Thank you very much to both of you! After reading your posts 10 times and switching between various articles I had a relieving "ahaaa" moment. I can see now the cunningness of that patch! Brilliant! Thanks again!
dear T (or anybody else),
thanks a lot for this post, but could you share or elaborate a bit on your "ahaa" moment?
i understand the concept of phase difference (or phase derivative), and i see why this would give us more precise information on the "fine-tuning" of the frequency with the highest energy in the current bin, as opposed to the "basic, raw frequency" this bin represents.
i also see why, when isolating (as in storing) FFT frames, you could, instead of storing the phase, store the phase difference in order to reconstruct the phase. when doing this, however, you would need to start at an absolute reference point (that might be just "0") somewhen because phase difference is relative. so, when NOT changing the speed or re-ordering frames, you could either store the phase, or store the phase difference and reconstruct this with "frameaccum~", have i understood this right?
but now, if you change the order of FFT frames, your signal will get permutated anyway, right? say, if - for a specific bin, frame 1 had a phase of 0.5, frame 2 a phase of 0.6 and frame 3 a phase of 0.7, then the phase differences for these bin frames would be 0.5 (when starting at 0 before), 0.1 and 0.1. accumulating would give the right result when playing back in the same order (0 + 0.5 = 0.5; 0.5 + 0.1 = 0.6; 0.6 + 0.1 = 0.7). but, when playing back in the order 3 1 2, for example, the reconstructed phase would be: 0.1 (when referring to 0), 0.6 and 0.7, is that right? here, the original phases for the specific frames were not reconstructed (which, as i understand, is not what we want anyhow), but "something else". how do i know this "right"?
another question i have is: why do we need to manually do the slicing for the phase vocoder? i haven't quite thought it through completely because it still puzzles me a bit, because in the Max examples (fft-fun > phase-vocoder-sampler by zoax, luke and _M) I've found a version that works and sounds similar, but makes use of both fftin~ and fftout~.
to understand this, I guess I would need to know in detail how pfft~ does the slicing.
what i think i understand is (assuming windowsize = 1024, overlap = 4): overlap, in general, means not to do an additional slicing on the 1024 samples of the signal frame before doing the FFT, but doing an individual FFT for samples 0-1024 of the input signal, then skipping 256 samples and doing an FFT for samples 256-1280, etc. - and for correct overlapping, this means, that the distance between each FFT frame is already specified precisely with the "overlap" factor (here: 256 samples), hence making it impossible to do time stretch or compression - even if you can access the overlapping frames individually, right?

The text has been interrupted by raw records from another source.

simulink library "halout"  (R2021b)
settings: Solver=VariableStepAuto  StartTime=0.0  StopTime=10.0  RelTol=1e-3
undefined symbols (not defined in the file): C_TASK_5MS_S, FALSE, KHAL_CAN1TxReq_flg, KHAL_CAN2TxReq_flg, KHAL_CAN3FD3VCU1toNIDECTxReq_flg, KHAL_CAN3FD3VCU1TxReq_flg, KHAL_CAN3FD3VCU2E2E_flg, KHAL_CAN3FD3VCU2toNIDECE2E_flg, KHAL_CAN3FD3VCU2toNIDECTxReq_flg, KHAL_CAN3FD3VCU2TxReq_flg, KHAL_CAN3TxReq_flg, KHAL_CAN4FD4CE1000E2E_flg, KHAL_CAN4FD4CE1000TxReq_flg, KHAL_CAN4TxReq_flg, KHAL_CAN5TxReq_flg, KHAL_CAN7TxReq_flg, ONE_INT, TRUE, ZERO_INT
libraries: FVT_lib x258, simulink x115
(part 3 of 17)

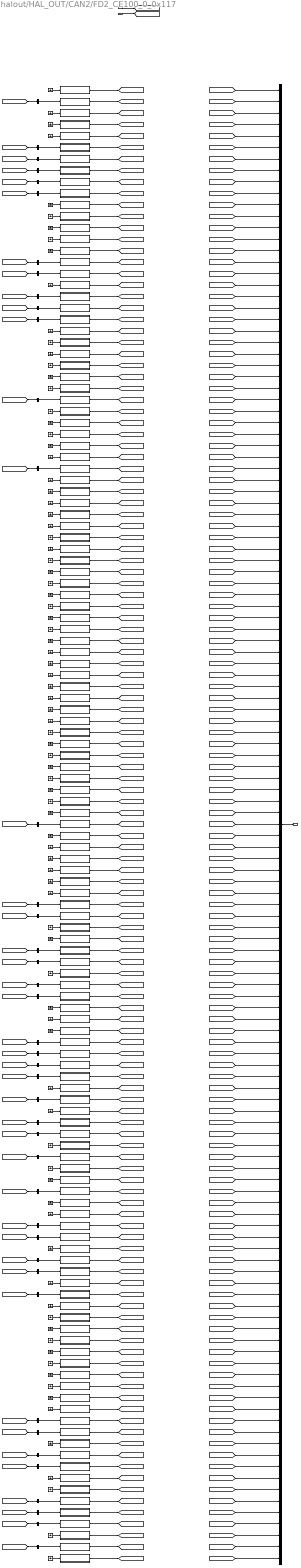
== system halout/HAL_OUT/CAN2/FD2_CE100_0_0x117 ==
  BSCP_outputs : Inport  OutDataTypeStr=Bus: BSCP_outputs
  BOUTP_outputs : Inport  Port=2  OutDataTypeStr=Bus: BOUTP_outputs
  APMDoorControlSta : Subsystem
  ActAPSPosn : Subsystem
  AllDoorSW : Subsystem
  AntitheftSta : Subsystem
  BCMDoorLockSta : Subsystem
  BrakeLamp : Subsystem
  CCCrlSta : Subsystem
  CCMSASpdWar : Subsystem
  CCUACLampSts : Subsystem
  CCUACMaxLampSts : Subsystem
  CCUAutoLampSts : Subsystem
  CCUAutoMidLampSts : Subsystem
  CCUDispalyRequest : Subsystem
  CCUEcoSts : Subsystem
  CCUFrtOnOffLampSts : Subsystem
  CCURrOnOffLampSts : Subsystem
  CCUSyncLampSts : Subsystem
  CoastDwModeStaChk : Subsystem
  CreepSWSta : Subsystem
  DISCButtSta : Subsystem
  DISCSta : Subsystem
  DemoModeStaChk : Subsystem
  Dimmer : Subsystem
  DimmerEN : Subsystem
  DisengagePFail : Subsystem
  DoorLockIND : Subsystem
  DrDoorSW : Subsystem
  DrSeatSta : Subsystem
  DynoModeStaChk : Subsystem
  EDriveSysErrAccPedalErr : Subsystem
  EDriveSysErrMCUErr : Subsystem
  EDriveSysErrShifterErr : Subsystem
  EDriveSysErrVCUErr : Subsystem
  EVDriveMode : Subsystem
  EngActvDmpDisabSta : Subsystem
  EngCoastDwSta : Subsystem
  EngPwrLockSta : Subsystem
  EngagePFail : Subsystem
  FDABSWarning : Subsystem
  FDBatteryChargeWarning : Subsystem
  FDCTHCMCLEVentYSta : Subsystem
  FDCTHCMCLEVentZSta : Subsystem
  FDCTHCMCLVentSta : Subsystem
  FDCTHCMCREVentYSta : Subsystem
  FDCTHCMCREVentZSta : Subsystem
  FDCTHCMCRVentSta : Subsystem
  FDCTHCMDrEVentModeSta : Subsystem
  FDCTHCMDrEVentYSta : Subsystem
  FDCTHCMDrEVentZSta : Subsystem
  FDCTHCMDrVentSta : Subsystem
  FDCTHCMPsEVentModeSta : Subsystem
  FDCTHCMPsEVentYSta : Subsystem
  FDCTHCMPsEVentZSta : Subsystem
  FDCTHCMPsVentSta : Subsystem
  FDCVCUPwrSaveReqCmd : Subsystem
  FDEDriveSystem : Subsystem
  FDEPBError : Subsystem
  FDHVBatteryFault : Subsystem
  FDParkBrakeWarning : Subsystem
  FDPowerlimitation : Subsystem
  FDSteeringWarning : Subsystem
  FDTCSIndicator : Subsystem
  FDTelltaleFail : Subsystem
  FalseNPreventSta : Subsystem
  FeatSetSpdFinalraw32 : Subsystem
  FollowMe : Subsystem
  FrFogLamp : Subsystem
  Ground{,1..86} (87 alike) : Ground
  HBeam : Subsystem
  HVRlyOpFail : Subsystem
  HVSysErrIsolationErr : Subsystem
  HVSysErrPackErr : Subsystem
  HVSysErrRelayErr : Subsystem
  HazardSW : Subsystem
  HoodSW : Subsystem
  LBSD : Subsystem
  LBeam : Subsystem
  LDRL : Subsystem
  LTurnLP : Subsystem
  LVChrgFuncStaChk : Subsystem
  LVSysErrPwrOutpErr : Subsystem
  LimphomeAct : Subsystem
  LockSetting : Subsystem
  MCUActDisFail : Subsystem
  MSACrlSta : Subsystem
  MeterIndSpeedraw32 : Subsystem
  PASStaFSys : Subsystem
  PosLamp : Subsystem
  PsDoorSW : Subsystem
  PwrSta : Subsystem
  PwrStaErr : Subsystem
  PwrStaONTOIVIPopReq : Subsystem
  PwrStaONTOIVIPopT : Subsystem
  RBSD : Subsystem
  RDRL : Subsystem
  RLDoorSW : Subsystem
  RRDoorSW : Subsystem
  RTurnLP : Subsystem
  ReqInternalV2LStatusLamp : Subsystem
  ReqV2LIVIPopup : Subsystem
  ReqV2LSwOn : Subsystem
  ReverseLamp : Subsystem
  RrDefog : Subsystem
  RrFogLamp : Subsystem
  ShiftGearPosn : Subsystem
  SysAllowReadySta : Subsystem
  SysPwrSta : Subsystem
  TailgateSW : Subsystem
  VCUBrkSWSta : Subsystem
  VCUFLDoorSta : Subsystem
  VCUFRDoorSta : Subsystem
  VCUHoodSWSta : Subsystem
  VCUOPDHold : Subsystem
  VCURLDoorSta : Subsystem
  VCURRDoorSta : Subsystem
  VCUTailgateSWSta : Subsystem
  VehMalfunLevel : Subsystem
  XWDMode : Subsystem
  bus_creator : BusCreator  Inputs=129  OutDataTypeStr=Bus: DT_CAN2_SG_FD2_CE100_0  NonVirtualBus=on
  bus_selector : BusSelector  OutputSignals=VOUTP_ActAPSPosn_pct
  bus_selector1 : BusSelector  OutputSignals=VOUTP_BrakeLamp_flg
  bus_selector10 : BusSelector  OutputSignals=VOUTP_DISCSta_enum
  bus_selector11 : BusSelector  OutputSignals=VOUTP_DrSeatSta_enum
  bus_selector12 : BusSelector  OutputSignals=VOUTP_EVDriveMode_enum
  bus_selector13 : BusSelector  OutputSignals=VOUTP_FeatSetSpdFinal_raw32
  bus_selector14 : BusSelector  OutputSignals=VOUTP_HBeam_flg
  bus_selector15 : BusSelector  OutputSignals=VOUTP_HazardSW_flg
  bus_selector16 : BusSelector  OutputSignals=VOUTP_LDRL_flg
  bus_selector17 : BusSelector  OutputSignals=VOUTP_LTurnLP_flg
  bus_selector18 : BusSelector  OutputSignals=VOUTP_LVSysErrPwrOutErr_flg
  bus_selector19 : BusSelector  OutputSignals=VOUTP_LBeam_flg
  bus_selector2 : BusSelector  OutputSignals=VOUTP_CCMSASpdWar_flg
  bus_selector20 : BusSelector  OutputSignals=VOUTP_MSACtrlSta_enum
  bus_selector21 : BusSelector  OutputSignals=VOUTP_MeterIndSpeed_raw32
  bus_selector22 : BusSelector  OutputSignals=VOUTP_StaFSya_flg
  bus_selector23 : BusSelector  OutputSignals=VOUTP_PosLamp_flg
  bus_selector24 : BusSelector  OutputSignals=VOUTP_PowerSta_enum
  bus_selector25 : BusSelector  OutputSignals=VOUTP_PwrStaONTOPopReq_flg
  bus_selector26 : BusSelector  OutputSignals=VOUTP_IVIPwrStaONTOPopT_s
  bus_selector27 : BusSelector  OutputSignals=VOUTP_RDRL_flg
  bus_selector28 : BusSelector  OutputSignals=VOUTP_RTurnLP_flg
  bus_selector29 : BusSelector  OutputSignals=VOUTP_ReqV2LIVIPopup_enum
  bus_selector3 : BusSelector  OutputSignals=VOUTP_CCUACLampSts_flg
  bus_selector30 : BusSelector  OutputSignals=VOUTP_ReverseLamp_flg
  bus_selector31 : BusSelector  OutputSignals=VOUTP_RrFogLamp_flg
  bus_selector32 : BusSelector  OutputSignals=VOUTP_ShiftGearPosn_enum
  bus_selector33 : BusSelector  OutputSignals=VOUTP_SysPowerMode_enum
  bus_selector34 : BusSelector  OutputSignals=VOUTP_DrivetrainSelect_enum
  bus_selector35 : BusSelector  OutputSignals=VOUTP_sigAirIntenZon1St_enum
  bus_selector36 : BusSelector  OutputSignals=VOUTP_sigAmbAirT_C
  bus_selector37 : BusSelector  OutputSignals=VOUTP_sigCbnAirT_C
  bus_selector38 : BusSelector  OutputSignals=VOUTP_sigRecircSt_flg
  bus_selector39 : BusSelector  OutputSignals=VOUTP_sigSetTempZon1St_C
  bus_selector4 : BusSelector  OutputSignals=VOUTP_CCUACMaxLampSts_flg
  bus_selector40 : BusSelector  OutputSignals=VOUTP_sigSetTempZon2St_C
  bus_selector41 : BusSelector  OutputSignals=VOUTP_sigWindDirZon1St_enum
  bus_selector5 : BusSelector  OutputSignals=VOUTP_CCUAutoLampSts_flg
  bus_selector6 : BusSelector  OutputSignals=VOUTP_CCUSyncLampSts_flg
  bus_selector7 : BusSelector  OutputSignals=VOUTP_CCCtrlSta_enum
  bus_selector8 : BusSelector  OutputSignals=VOUTP_CreepON_flg
  bus_selector9 : BusSelector  OutputSignals=VOUTP_DISCButtSta_flg
  sigAirIntenZon1St : Subsystem
  sigAirIntenZon3St : Subsystem
  sigAmbAirT : Subsystem
  sigCbnAirT : Subsystem
  sigDfrstSt : Subsystem
  sigHvacSt : Subsystem
  sigRecircSt : Subsystem
  sigSetTempZon1St : Subsystem
  sigSetTempZon2St : Subsystem
  sigSetTempZon3St : Subsystem
  sigWindDirZon1St : Subsystem
  sigWindDirZon3St : Subsystem
  FD2_CE100_0 : Outport
  wires:
  BSCP_outputs/1 -> [BSCP_outputs]
  BOUTP_outputs/1 -> [BOUTP_outputs]
  [CAN2_APMDoorControlSta] -> bus_creator/1  "CAN2_APMDoorControlSta"
  [CAN2_ActAPSPosn] -> bus_creator/2  "CAN2_ActAPSPosn"
  [CAN2_AllDoorSW] -> bus_creator/3  "CAN2_AllDoorSW"
  [CAN2_AntitheftSta] -> bus_creator/4  "CAN2_AntitheftSta"
  [CAN2_BCM_DoorLock_Sta] -> bus_creator/5  "CAN2_BCM_DoorLock_Sta"
  [CAN2_BrakeLamp] -> bus_creator/6  "CAN2_BrakeLamp"
  [CAN2_CCMSA_SpdWar] -> bus_creator/7  "CAN2_CCMSA_SpdWar"
  [CAN2_CCU_ACLampSts] -> bus_creator/8  "CAN2_CCU_ACLampSts"
  [CAN2_CCU_ACMaxLampSts] -> bus_creator/9  "CAN2_CCU_ACMaxLampSts"
  [CAN2_CCU_AutoLampSts] -> bus_creator/10  "CAN2_CCU_AutoLampSts"
  [CAN2_CCU_AutoMidLampSts] -> bus_creator/11  "CAN2_CCU_AutoMidLampSts"
  [CAN2_CCU_Dispaly_Request] -> bus_creator/12  "CAN2_CCU_Dispaly_Request"
  [CAN2_CCU_EcoSts] -> bus_creator/13  "CAN2_CCU_EcoSts"
  [CAN2_CCU_FrtOnOffLampSts] -> bus_creator/14  "CAN2_CCU_FrtOnOffLampSts"
  [CAN2_CCU_RrOnOffLampSts] -> bus_creator/15  "CAN2_CCU_RrOnOffLampSts"
  [CAN2_CCU_SyncLampSts] -> bus_creator/16  "CAN2_CCU_SyncLampSts"
  [CAN2_CC_Crl_Sta] -> bus_creator/17  "CAN2_CC_Crl_Sta"
  [CAN2_CoastDwModeStaChk] -> bus_creator/18  "CAN2_CoastDwModeStaChk"
  [CAN2_CreepSW_Sta] -> bus_creator/19  "CAN2_CreepSW_Sta"
  [CAN2_DISC_ButtSta] -> bus_creator/20  "CAN2_DISC_ButtSta"
  [CAN2_DISC_Sta] -> bus_creator/21  "CAN2_DISC_Sta"
  [CAN2_DemoModeStaChk] -> bus_creator/22  "CAN2_DemoModeStaChk"
  [CAN2_Dimmer] -> bus_creator/23  "CAN2_Dimmer"
  [CAN2_DimmerEN] -> bus_creator/24  "CAN2_DimmerEN"
  [CAN2_DisengageP_Fail] -> bus_creator/25  "CAN2_DisengageP_Fail"
  [CAN2_DoorLockIND] -> bus_creator/26  "CAN2_DoorLockIND"
  [CAN2_DrDoorSW] -> bus_creator/27  "CAN2_DrDoorSW"
  [CAN2_Dr_SeatSta] -> bus_creator/28  "CAN2_Dr_SeatSta"
  [CAN2_DynoModeStaChk] -> bus_creator/29  "CAN2_DynoModeStaChk"
  [CAN2_EDriveSysErr_AccPedalErr] -> bus_creator/30  "CAN2_EDriveSysErr_AccPedalErr"
  [CAN2_EDriveSysErr_MCUErr] -> bus_creator/31  "CAN2_EDriveSysErr_MCUErr"
  [CAN2_EDriveSysErr_ShifterErr] -> bus_creator/32  "CAN2_EDriveSysErr_ShifterErr"
  [CAN2_EDriveSysErr_VCUErr] -> bus_creator/33  "CAN2_EDriveSysErr_VCUErr"
  [CAN2_EVDriveMode] -> bus_creator/34  "CAN2_EVDriveMode"
  [CAN2_Eng_ActvDmpDisabSta] -> bus_creator/35  "CAN2_Eng_ActvDmpDisabSta"
  [CAN2_Eng_CoastDwSta] -> bus_creator/36  "CAN2_Eng_CoastDwSta"
  [CAN2_Eng_PwrLockSta] -> bus_creator/37  "CAN2_Eng_PwrLockSta"
  [CAN2_EngageP_Fail] -> bus_creator/38  "CAN2_EngageP_Fail"
  [CAN2_FDC_THCM_CLEVentY_Sta] -> bus_creator/39  "CAN2_FDC_THCM_CLEVentY_Sta"
  [CAN2_FDC_THCM_CLEVentZ_Sta] -> bus_creator/40  "CAN2_FDC_THCM_CLEVentZ_Sta"
  [CAN2_FDC_THCM_CLVent_Sta] -> bus_creator/41  "CAN2_FDC_THCM_CLVent_Sta"
  [CAN2_FDC_THCM_CREVentY_Sta] -> bus_creator/42  "CAN2_FDC_THCM_CREVentY_Sta"
  [CAN2_FDC_THCM_CREVentZ_Sta] -> bus_creator/43  "CAN2_FDC_THCM_CREVentZ_Sta"
  [CAN2_FDC_THCM_CRVent_Sta] -> bus_creator/44  "CAN2_FDC_THCM_CRVent_Sta"
  [CAN2_FDC_THCM_DrEVentMode_Sta] -> bus_creator/45  "CAN2_FDC_THCM_DrEVentMode_Sta"
  [CAN2_FDC_THCM_DrEVentY_Sta] -> bus_creator/46  "CAN2_FDC_THCM_DrEVentY_Sta"
  [CAN2_FDC_THCM_DrEVentZ_Sta] -> bus_creator/47  "CAN2_FDC_THCM_DrEVentZ_Sta"
  [CAN2_FDC_THCM_DrVent_Sta] -> bus_creator/48  "CAN2_FDC_THCM_DrVent_Sta"
  [CAN2_FDC_THCM_PsEVentMode_Sta] -> bus_creator/49  "CAN2_FDC_THCM_PsEVentMode_Sta"
  [CAN2_FDC_THCM_PsEVentY_Sta] -> bus_creator/50  "CAN2_FDC_THCM_PsEVentY_Sta"
  [CAN2_FDC_THCM_PsEVentZ_Sta] -> bus_creator/51  "CAN2_FDC_THCM_PsEVentZ_Sta"
  [CAN2_FDC_THCM_PsVent_Sta] -> bus_creator/52  "CAN2_FDC_THCM_PsVent_Sta"
  [CAN2_FDC_VCU_PwrSaveReq_Cmd] -> bus_creator/53  "CAN2_FDC_VCU_PwrSaveReq_Cmd"
  [CAN2_FD_ABS_Warning] -> bus_creator/54  "CAN2_FD_ABS_Warning"
  [CAN2_FD_Battery_Charge_Warning] -> bus_creator/55  "CAN2_FD_Battery_Charge_Warning"
  [CAN2_FD_EDrive_System] -> bus_creator/56  "CAN2_FD_EDrive_System"
  [CAN2_FD_EPB_Error] -> bus_creator/57  "CAN2_FD_EPB_Error"
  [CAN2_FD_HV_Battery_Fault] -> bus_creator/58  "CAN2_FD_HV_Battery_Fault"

now, what i don't know, is: does each frame in the pfft~ have a size of 1024, and is subdivided into overlapping subframes, or is each frame a single FFT? i don't know how to precisely say this... when i move through the frames of a buffer that stored the successive frames inside of the pfft~ object, do i have to move 4 frames to get to the point where the original time signal would be one frame later, because in the buffer, successive overlapping frames are stored? (that would mean, the distance between frames inside of the pfft~ was 256 samples of the time signal)
so if you can access each overlapping frame individually, you could very well do compression or time-stretch, but when stretching, the window functions would be sized wrong, and overlap would be wrong, either leaving silent gaps between the frames or giving too much output.
does this mean that the Max example patch by zoax, luke and _M is wrong?
mhm, yeah, i don't seem to understand why both approaches (custom fft~ vs fftin~ with automatic overlap) seem to work..?
also, wouldn't what i said above mean that when compressing using speed factor 2, we would need shorter windows and half the overlap in reconstructing, and when stretching with speed factor 0.5, we would need longer windows and twice the overlap?
sorry, hope someone can help me out a bit. all the best, j.